#### Excerpted records

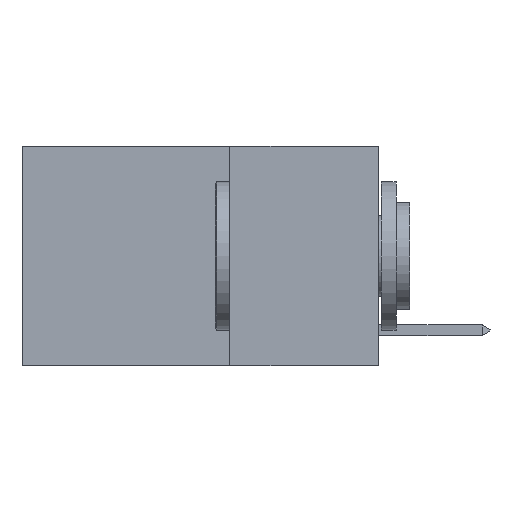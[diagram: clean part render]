
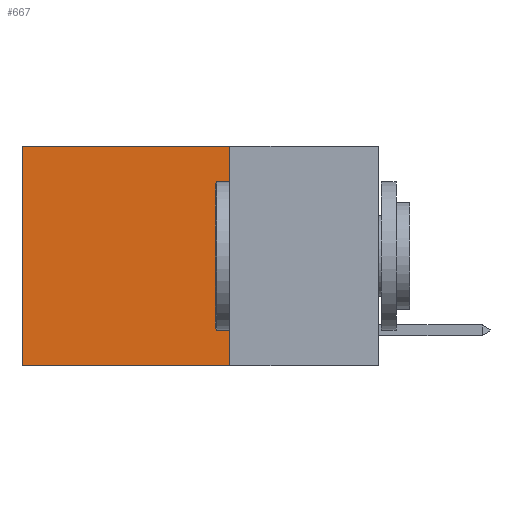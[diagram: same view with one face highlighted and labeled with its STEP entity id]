
A CAD part, left-side view. The second image highlights one B-rep face of the part: STEP entity #667.
In plain terms, the highlighted planar face has unit normal (-1, 0, 0).
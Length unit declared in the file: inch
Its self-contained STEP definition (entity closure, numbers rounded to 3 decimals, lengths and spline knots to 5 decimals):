
#223 = CARTESIAN_POINT ( 'NONE',  ( 0.2625, 0.6, 0. ) ) ;
#667 = ADVANCED_FACE ( 'NONE', ( #6073 ), #3967, .F. ) ;
#688 = CARTESIAN_POINT ( 'NONE',  ( 0.2625, 0.25, 0. ) ) ;
#1055 = EDGE_CURVE ( 'NONE', #11995, #2269, #12581, .T. ) ;
#1194 = EDGE_LOOP ( 'NONE', ( #11464, #6094, #8569, #6774 ) ) ;
#1775 = DIRECTION ( 'NONE',  ( 1., 0., 0. ) ) ;
#2055 = LINE ( 'NONE', #10802, #9956 ) ;
#2269 = VERTEX_POINT ( 'NONE', #3690 ) ;
#2588 = AXIS2_PLACEMENT_3D ( 'NONE', #688, #1775, #12540 ) ;
#2715 = LINE ( 'NONE', #7133, #11531 ) ;
#2894 = CARTESIAN_POINT ( 'NONE',  ( 0.2625, 0.6, 0. ) ) ;
#3690 = CARTESIAN_POINT ( 'NONE',  ( 0.2625, 0.6, -0.37 ) ) ;
#3967 = PLANE ( 'NONE',  #2588 ) ;
#5763 = VERTEX_POINT ( 'NONE', #7709 ) ;
#6073 = FACE_OUTER_BOUND ( 'NONE', #1194, .T. ) ;
#6094 = ORIENTED_EDGE ( 'NONE', *, *, #11942, .F. ) ;
#6774 = ORIENTED_EDGE ( 'NONE', *, *, #10406, .T. ) ;
#6875 = LINE ( 'NONE', #8146, #13567 ) ;
#6925 = EDGE_CURVE ( 'NONE', #5763, #8712, #6875, .T. ) ;
#6984 = VECTOR ( 'NONE', #7105, 39.37008 ) ;
#7105 = DIRECTION ( 'NONE',  ( 0., 0., -1. ) ) ;
#7133 = CARTESIAN_POINT ( 'NONE',  ( 0.2625, 0.25, 0. ) ) ;
#7709 = CARTESIAN_POINT ( 'NONE',  ( 0.2625, 0.25, 0. ) ) ;
#8146 = CARTESIAN_POINT ( 'NONE',  ( 0.2625, 0.25, 0. ) ) ;
#8569 = ORIENTED_EDGE ( 'NONE', *, *, #6925, .F. ) ;
#8676 = DIRECTION ( 'NONE',  ( 0., 1., 0. ) ) ;
#8712 = VERTEX_POINT ( 'NONE', #13493 ) ;
#9956 = VECTOR ( 'NONE', #8676, 39.37008 ) ;
#10406 = EDGE_CURVE ( 'NONE', #5763, #11995, #2715, .T. ) ;
#10802 = CARTESIAN_POINT ( 'NONE',  ( 0.2625, 0.25, -0.37 ) ) ;
#11461 = DIRECTION ( 'NONE',  ( 0., 1., 0. ) ) ;
#11464 = ORIENTED_EDGE ( 'NONE', *, *, #1055, .T. ) ;
#11531 = VECTOR ( 'NONE', #11461, 39.37008 ) ;
#11942 = EDGE_CURVE ( 'NONE', #8712, #2269, #2055, .T. ) ;
#11995 = VERTEX_POINT ( 'NONE', #223 ) ;
#12499 = DIRECTION ( 'NONE',  ( 0., 0., -1. ) ) ;
#12540 = DIRECTION ( 'NONE',  ( 0., 0., -1. ) ) ;
#12581 = LINE ( 'NONE', #2894, #6984 ) ;
#13493 = CARTESIAN_POINT ( 'NONE',  ( 0.2625, 0.25, -0.37 ) ) ;
#13567 = VECTOR ( 'NONE', #12499, 39.37008 ) ;
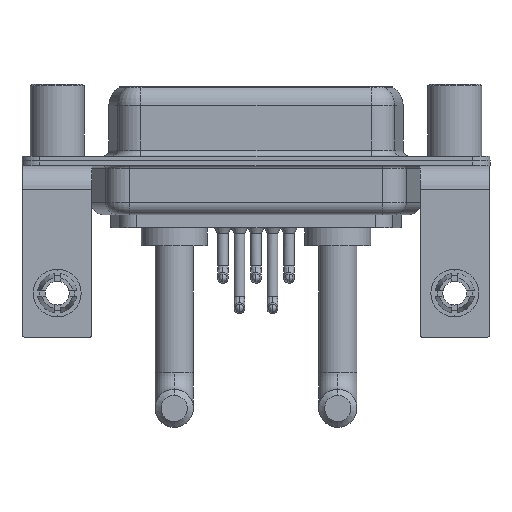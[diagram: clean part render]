
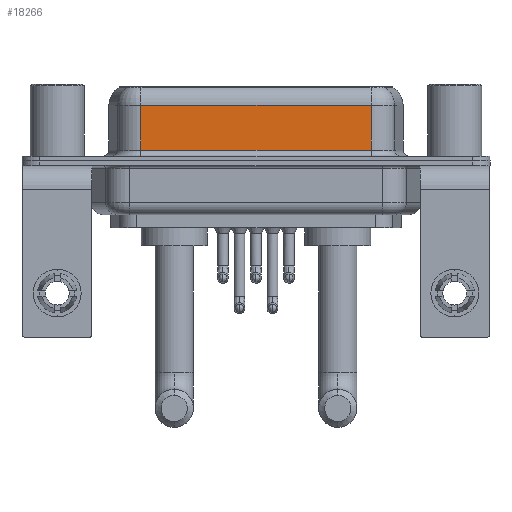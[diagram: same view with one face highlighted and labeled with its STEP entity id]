
A CAD part, front view. The second image highlights one B-rep face of the part: STEP entity #18266.
In plain terms, the highlighted planar face has unit normal (0, -1, 0).
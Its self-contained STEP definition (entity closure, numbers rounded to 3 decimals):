
#264 = ORIENTED_EDGE ( 'NONE', *, *, #11228, .T. ) ;
#1237 = DIRECTION ( 'NONE',  ( 1., 0., 0. ) ) ;
#1355 = VECTOR ( 'NONE', #4785, 1000. ) ;
#1777 = CARTESIAN_POINT ( 'NONE',  ( 7.013, -3.95, 0.9 ) ) ;
#1789 = ORIENTED_EDGE ( 'NONE', *, *, #2965, .F. ) ;
#1959 = CARTESIAN_POINT ( 'NONE',  ( 26.287, -3.95, 6.4 ) ) ;
#2418 = ORIENTED_EDGE ( 'NONE', *, *, #14768, .T. ) ;
#2965 = EDGE_CURVE ( 'NONE', #10047, #8305, #8010, .T. ) ;
#3569 = DIRECTION ( 'NONE',  ( 0., 1., 0. ) ) ;
#4785 = DIRECTION ( 'NONE',  ( -1., 0., 0. ) ) ;
#5459 = LINE ( 'NONE', #11942, #11461 ) ;
#6358 = EDGE_CURVE ( 'NONE', #13927, #8305, #12186, .T. ) ;
#6487 = CARTESIAN_POINT ( 'NONE',  ( 7.013, -3.95, 4.65 ) ) ;
#6942 = DIRECTION ( 'NONE',  ( 0., 0., -1. ) ) ;
#7291 = CARTESIAN_POINT ( 'NONE',  ( 26.287, -3.95, 0.9 ) ) ;
#8010 = LINE ( 'NONE', #1959, #16369 ) ;
#8305 = VERTEX_POINT ( 'NONE', #17365 ) ;
#8916 = AXIS2_PLACEMENT_3D ( 'NONE', #18133, #3569, #16539 ) ;
#9514 = EDGE_LOOP ( 'NONE', ( #1789, #2418, #264, #13487 ) ) ;
#9562 = LINE ( 'NONE', #15951, #1355 ) ;
#10047 = VERTEX_POINT ( 'NONE', #10535 ) ;
#10535 = CARTESIAN_POINT ( 'NONE',  ( 26.287, -3.95, 4.65 ) ) ;
#11228 = EDGE_CURVE ( 'NONE', #14897, #13927, #5459, .T. ) ;
#11461 = VECTOR ( 'NONE', #6942, 1000. ) ;
#11942 = CARTESIAN_POINT ( 'NONE',  ( 7.013, -3.95, 6.4 ) ) ;
#12186 = LINE ( 'NONE', #7291, #19560 ) ;
#13436 = DIRECTION ( 'NONE',  ( 0., 0., -1. ) ) ;
#13487 = ORIENTED_EDGE ( 'NONE', *, *, #6358, .T. ) ;
#13927 = VERTEX_POINT ( 'NONE', #1777 ) ;
#14725 = FACE_OUTER_BOUND ( 'NONE', #9514, .T. ) ;
#14768 = EDGE_CURVE ( 'NONE', #10047, #14897, #9562, .T. ) ;
#14826 = PLANE ( 'NONE',  #8916 ) ;
#14897 = VERTEX_POINT ( 'NONE', #6487 ) ;
#15951 = CARTESIAN_POINT ( 'NONE',  ( 26.287, -3.95, 4.65 ) ) ;
#16369 = VECTOR ( 'NONE', #13436, 1000. ) ;
#16539 = DIRECTION ( 'NONE',  ( 0., 0., 1. ) ) ;
#17365 = CARTESIAN_POINT ( 'NONE',  ( 26.287, -3.95, 0.9 ) ) ;
#18133 = CARTESIAN_POINT ( 'NONE',  ( 26.287, -3.95, 6.4 ) ) ;
#18266 = ADVANCED_FACE ( 'NONE', ( #14725 ), #14826, .F. ) ;
#19560 = VECTOR ( 'NONE', #1237, 1000. ) ;

########

• _Brief_:
Reproduce the lines of the entries above from the one with "#6094 = ORIENTED_EDGE" to the one with "#6925 = EDGE_CURVE", both included, exactly and without any other line.

• _Written response_:
#6094 = ORIENTED_EDGE ( 'NONE', *, *, #11942, .F. ) ;
#6774 = ORIENTED_EDGE ( 'NONE', *, *, #10406, .T. ) ;
#6875 = LINE ( 'NONE', #8146, #13567 ) ;
#6925 = EDGE_CURVE ( 'NONE', #5763, #8712, #6875, .T. ) ;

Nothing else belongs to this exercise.